## Problem description
Each line of the data holding "ezdxf" should be found and copied.

## Information provided
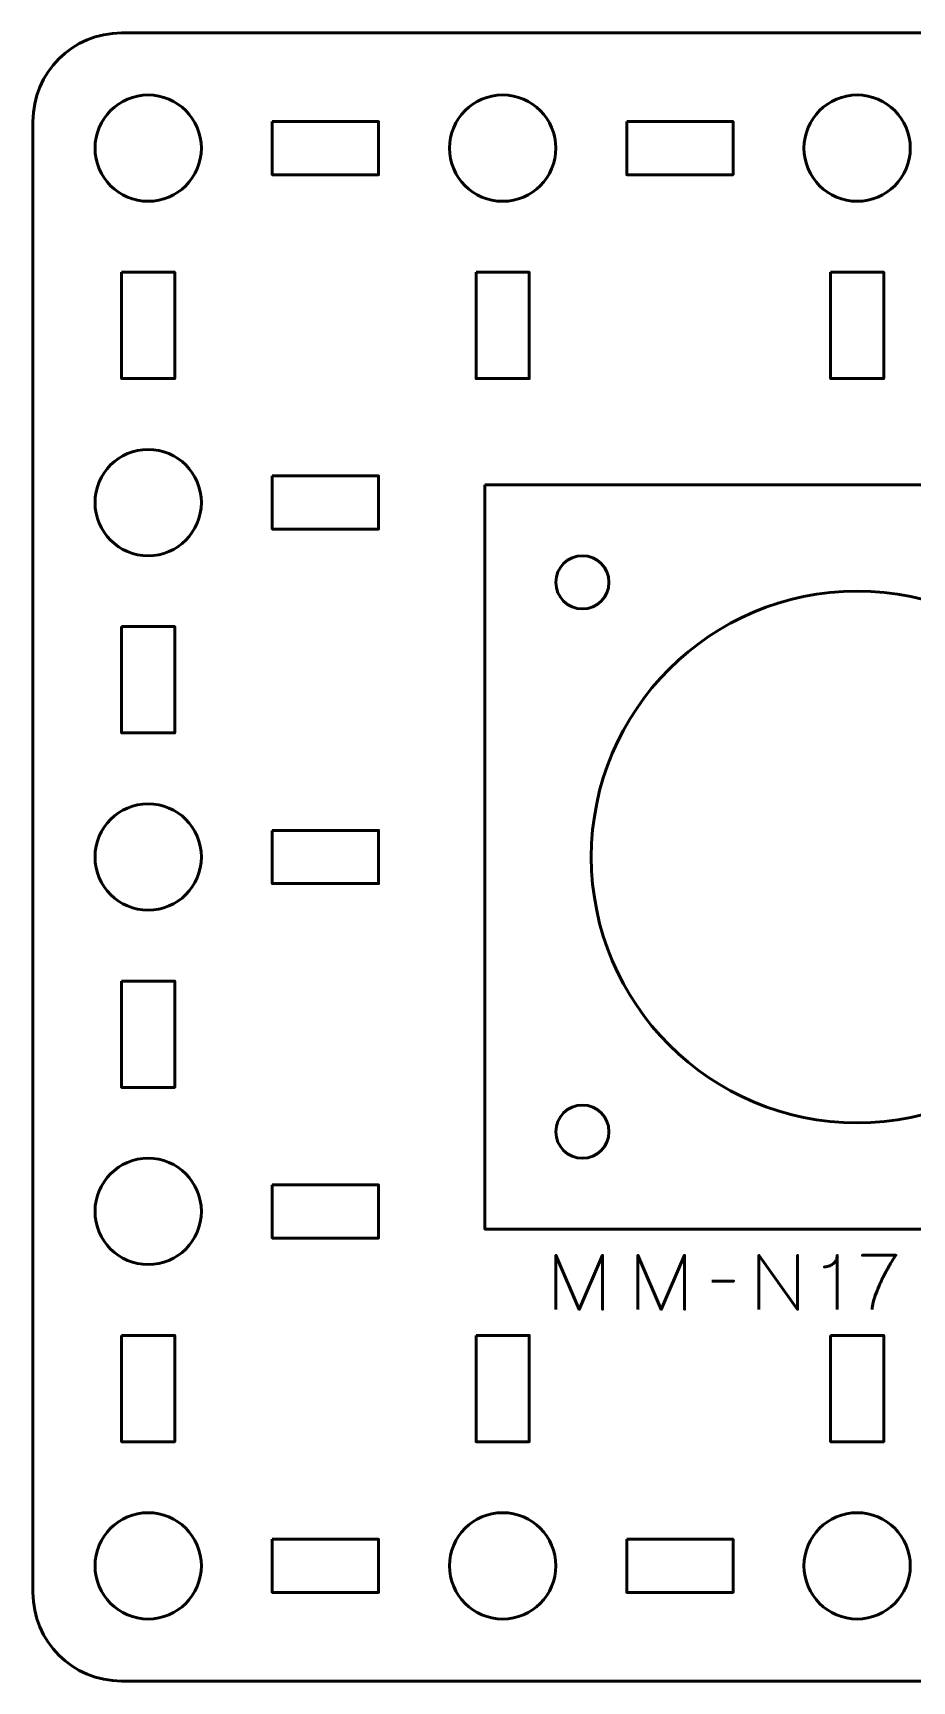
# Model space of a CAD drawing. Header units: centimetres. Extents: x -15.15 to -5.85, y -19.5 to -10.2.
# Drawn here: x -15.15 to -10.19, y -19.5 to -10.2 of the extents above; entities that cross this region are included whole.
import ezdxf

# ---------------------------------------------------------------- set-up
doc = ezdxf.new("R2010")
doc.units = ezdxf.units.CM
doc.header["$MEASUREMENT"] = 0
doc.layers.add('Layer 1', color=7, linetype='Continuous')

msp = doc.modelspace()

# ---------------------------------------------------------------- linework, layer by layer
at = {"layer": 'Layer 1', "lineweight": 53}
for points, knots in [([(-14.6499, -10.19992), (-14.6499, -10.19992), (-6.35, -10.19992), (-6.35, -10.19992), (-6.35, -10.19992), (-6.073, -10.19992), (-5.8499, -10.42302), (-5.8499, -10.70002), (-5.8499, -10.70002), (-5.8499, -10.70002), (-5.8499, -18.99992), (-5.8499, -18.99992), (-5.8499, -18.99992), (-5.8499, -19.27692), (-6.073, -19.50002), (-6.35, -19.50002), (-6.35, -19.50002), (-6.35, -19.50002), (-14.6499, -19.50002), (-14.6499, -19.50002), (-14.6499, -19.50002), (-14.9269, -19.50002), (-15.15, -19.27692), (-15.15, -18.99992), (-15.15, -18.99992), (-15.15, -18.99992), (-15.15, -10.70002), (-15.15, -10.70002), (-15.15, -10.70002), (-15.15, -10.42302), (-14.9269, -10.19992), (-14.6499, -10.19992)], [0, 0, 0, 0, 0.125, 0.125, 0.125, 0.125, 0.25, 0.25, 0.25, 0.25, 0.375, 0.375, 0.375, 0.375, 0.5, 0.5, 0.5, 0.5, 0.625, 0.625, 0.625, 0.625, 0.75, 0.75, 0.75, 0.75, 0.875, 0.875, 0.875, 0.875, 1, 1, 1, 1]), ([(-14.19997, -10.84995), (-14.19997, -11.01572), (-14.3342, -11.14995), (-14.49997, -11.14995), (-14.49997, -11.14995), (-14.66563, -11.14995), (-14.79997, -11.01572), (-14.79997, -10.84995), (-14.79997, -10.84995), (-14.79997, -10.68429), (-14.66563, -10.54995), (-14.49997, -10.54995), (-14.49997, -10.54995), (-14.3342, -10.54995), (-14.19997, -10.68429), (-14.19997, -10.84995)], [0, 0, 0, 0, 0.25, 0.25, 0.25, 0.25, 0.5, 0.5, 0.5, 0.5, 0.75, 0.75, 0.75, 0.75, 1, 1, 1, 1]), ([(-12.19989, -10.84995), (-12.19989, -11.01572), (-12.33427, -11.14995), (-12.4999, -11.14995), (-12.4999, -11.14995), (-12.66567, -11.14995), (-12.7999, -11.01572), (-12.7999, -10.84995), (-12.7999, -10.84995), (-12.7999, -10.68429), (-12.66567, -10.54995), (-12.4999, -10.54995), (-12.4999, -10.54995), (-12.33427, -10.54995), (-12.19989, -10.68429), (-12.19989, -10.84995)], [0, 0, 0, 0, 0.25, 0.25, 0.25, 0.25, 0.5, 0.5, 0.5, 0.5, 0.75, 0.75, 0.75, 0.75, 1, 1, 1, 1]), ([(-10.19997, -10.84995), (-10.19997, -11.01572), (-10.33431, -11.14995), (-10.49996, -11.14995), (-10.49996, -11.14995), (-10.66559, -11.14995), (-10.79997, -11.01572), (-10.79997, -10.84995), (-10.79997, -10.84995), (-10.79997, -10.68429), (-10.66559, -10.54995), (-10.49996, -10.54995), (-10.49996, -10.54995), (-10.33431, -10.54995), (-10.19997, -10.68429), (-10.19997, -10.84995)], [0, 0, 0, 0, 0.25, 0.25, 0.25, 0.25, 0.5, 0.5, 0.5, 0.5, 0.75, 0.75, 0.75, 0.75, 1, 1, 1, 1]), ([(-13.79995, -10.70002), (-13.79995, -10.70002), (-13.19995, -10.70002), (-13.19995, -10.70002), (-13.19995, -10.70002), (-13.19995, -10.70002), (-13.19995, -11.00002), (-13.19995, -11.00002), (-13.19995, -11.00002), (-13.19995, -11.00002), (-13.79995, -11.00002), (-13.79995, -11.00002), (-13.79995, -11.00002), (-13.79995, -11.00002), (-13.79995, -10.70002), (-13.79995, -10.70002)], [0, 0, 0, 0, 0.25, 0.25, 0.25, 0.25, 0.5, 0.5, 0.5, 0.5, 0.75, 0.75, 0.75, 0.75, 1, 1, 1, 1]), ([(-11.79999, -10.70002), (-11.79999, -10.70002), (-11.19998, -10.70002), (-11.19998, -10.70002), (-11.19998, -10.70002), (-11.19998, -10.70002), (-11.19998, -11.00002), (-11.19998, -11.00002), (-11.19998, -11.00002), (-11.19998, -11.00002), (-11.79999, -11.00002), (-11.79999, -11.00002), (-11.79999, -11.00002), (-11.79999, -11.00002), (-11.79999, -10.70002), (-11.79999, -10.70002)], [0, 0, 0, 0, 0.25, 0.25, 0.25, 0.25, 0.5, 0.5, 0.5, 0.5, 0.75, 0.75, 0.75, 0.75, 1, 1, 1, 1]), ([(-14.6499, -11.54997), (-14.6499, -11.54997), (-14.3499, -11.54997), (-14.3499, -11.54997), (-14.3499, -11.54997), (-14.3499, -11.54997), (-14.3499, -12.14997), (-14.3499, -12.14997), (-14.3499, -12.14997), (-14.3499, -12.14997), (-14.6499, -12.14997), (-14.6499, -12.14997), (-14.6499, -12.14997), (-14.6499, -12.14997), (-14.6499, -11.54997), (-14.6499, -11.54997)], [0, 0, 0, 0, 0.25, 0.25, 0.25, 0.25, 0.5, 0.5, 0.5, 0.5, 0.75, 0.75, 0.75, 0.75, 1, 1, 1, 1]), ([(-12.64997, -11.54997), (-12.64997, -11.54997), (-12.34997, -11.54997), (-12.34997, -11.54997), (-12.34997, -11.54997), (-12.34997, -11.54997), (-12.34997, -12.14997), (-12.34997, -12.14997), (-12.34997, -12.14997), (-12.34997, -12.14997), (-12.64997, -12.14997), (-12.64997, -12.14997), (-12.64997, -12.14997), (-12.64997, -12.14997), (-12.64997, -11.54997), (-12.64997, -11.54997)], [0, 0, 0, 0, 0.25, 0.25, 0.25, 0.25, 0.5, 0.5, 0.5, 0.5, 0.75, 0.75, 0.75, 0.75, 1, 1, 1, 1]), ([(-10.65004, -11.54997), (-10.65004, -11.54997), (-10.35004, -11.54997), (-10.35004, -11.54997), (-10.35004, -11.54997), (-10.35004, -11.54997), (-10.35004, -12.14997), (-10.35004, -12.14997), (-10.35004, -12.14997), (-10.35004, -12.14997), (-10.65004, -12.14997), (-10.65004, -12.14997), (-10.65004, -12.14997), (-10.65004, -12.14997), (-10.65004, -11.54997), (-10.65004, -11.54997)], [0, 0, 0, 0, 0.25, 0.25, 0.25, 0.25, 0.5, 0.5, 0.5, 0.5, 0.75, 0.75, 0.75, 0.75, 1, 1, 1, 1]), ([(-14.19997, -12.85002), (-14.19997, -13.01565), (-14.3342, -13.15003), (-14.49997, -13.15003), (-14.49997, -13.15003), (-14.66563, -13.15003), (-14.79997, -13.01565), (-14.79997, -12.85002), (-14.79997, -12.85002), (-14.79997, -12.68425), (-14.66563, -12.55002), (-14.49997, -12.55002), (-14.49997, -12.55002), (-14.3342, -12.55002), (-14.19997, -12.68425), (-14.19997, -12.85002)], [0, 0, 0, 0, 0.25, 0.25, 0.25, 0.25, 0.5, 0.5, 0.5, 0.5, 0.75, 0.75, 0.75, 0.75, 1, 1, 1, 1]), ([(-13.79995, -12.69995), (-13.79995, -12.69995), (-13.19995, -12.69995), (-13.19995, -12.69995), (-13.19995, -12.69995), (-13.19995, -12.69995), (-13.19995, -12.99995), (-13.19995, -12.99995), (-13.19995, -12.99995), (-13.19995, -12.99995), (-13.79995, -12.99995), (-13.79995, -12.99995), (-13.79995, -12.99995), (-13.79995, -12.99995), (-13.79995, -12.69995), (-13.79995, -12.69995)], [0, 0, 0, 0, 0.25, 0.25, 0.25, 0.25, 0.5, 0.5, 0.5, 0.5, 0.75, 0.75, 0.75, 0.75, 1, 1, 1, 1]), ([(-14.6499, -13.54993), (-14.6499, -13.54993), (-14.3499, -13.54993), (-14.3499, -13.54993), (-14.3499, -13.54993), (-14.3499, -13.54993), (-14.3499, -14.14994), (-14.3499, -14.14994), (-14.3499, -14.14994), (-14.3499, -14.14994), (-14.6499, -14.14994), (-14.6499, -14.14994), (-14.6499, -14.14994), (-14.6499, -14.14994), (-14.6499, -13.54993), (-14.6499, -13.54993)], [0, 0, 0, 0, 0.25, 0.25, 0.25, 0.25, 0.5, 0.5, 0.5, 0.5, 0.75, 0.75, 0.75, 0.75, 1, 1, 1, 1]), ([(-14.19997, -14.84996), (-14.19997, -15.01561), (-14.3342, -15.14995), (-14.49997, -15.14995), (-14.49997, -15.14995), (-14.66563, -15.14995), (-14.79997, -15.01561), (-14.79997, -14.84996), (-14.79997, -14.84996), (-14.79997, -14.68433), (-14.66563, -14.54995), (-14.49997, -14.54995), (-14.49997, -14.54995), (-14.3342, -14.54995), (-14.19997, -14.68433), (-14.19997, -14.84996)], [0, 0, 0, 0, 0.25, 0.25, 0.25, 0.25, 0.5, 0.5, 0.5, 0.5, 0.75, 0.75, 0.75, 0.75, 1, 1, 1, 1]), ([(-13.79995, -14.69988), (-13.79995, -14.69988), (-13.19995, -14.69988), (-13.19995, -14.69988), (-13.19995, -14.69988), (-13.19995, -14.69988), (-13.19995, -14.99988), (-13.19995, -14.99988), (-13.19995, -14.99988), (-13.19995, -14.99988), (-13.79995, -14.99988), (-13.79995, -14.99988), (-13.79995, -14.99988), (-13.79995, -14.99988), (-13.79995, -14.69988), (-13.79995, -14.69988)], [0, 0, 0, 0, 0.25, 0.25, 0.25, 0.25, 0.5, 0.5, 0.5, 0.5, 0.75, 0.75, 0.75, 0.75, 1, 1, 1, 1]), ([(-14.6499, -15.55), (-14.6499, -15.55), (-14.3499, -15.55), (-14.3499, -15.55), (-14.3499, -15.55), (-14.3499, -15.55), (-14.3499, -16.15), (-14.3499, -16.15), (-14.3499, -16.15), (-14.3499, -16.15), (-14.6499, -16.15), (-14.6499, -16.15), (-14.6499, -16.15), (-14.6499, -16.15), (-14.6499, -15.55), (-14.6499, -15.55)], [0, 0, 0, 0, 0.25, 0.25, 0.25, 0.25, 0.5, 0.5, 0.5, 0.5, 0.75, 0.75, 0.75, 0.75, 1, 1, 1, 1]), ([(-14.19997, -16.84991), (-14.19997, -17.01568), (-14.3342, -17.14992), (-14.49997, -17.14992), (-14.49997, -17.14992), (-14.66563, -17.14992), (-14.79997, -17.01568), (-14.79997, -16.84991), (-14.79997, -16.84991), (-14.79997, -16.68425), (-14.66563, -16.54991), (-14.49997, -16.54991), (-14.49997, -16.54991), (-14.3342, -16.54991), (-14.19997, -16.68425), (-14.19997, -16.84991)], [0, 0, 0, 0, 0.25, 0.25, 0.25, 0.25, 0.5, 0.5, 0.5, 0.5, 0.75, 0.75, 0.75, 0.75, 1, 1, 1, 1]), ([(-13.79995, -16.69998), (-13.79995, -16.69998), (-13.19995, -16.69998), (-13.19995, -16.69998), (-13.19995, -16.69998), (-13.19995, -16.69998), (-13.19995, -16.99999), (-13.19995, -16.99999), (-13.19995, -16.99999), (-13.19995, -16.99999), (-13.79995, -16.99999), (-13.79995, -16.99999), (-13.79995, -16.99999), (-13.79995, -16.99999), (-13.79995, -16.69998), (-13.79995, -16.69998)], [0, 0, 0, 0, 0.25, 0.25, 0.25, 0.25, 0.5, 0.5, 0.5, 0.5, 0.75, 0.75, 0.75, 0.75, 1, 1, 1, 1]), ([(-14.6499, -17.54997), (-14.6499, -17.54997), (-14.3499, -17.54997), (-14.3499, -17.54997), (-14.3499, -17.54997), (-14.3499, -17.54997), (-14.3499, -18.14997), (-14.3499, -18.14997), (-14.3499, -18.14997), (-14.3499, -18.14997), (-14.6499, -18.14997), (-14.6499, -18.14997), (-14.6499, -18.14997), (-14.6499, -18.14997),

## Solution to the problem
import ezdxf
doc = ezdxf.new("R2010")
doc.units = ezdxf.units.CM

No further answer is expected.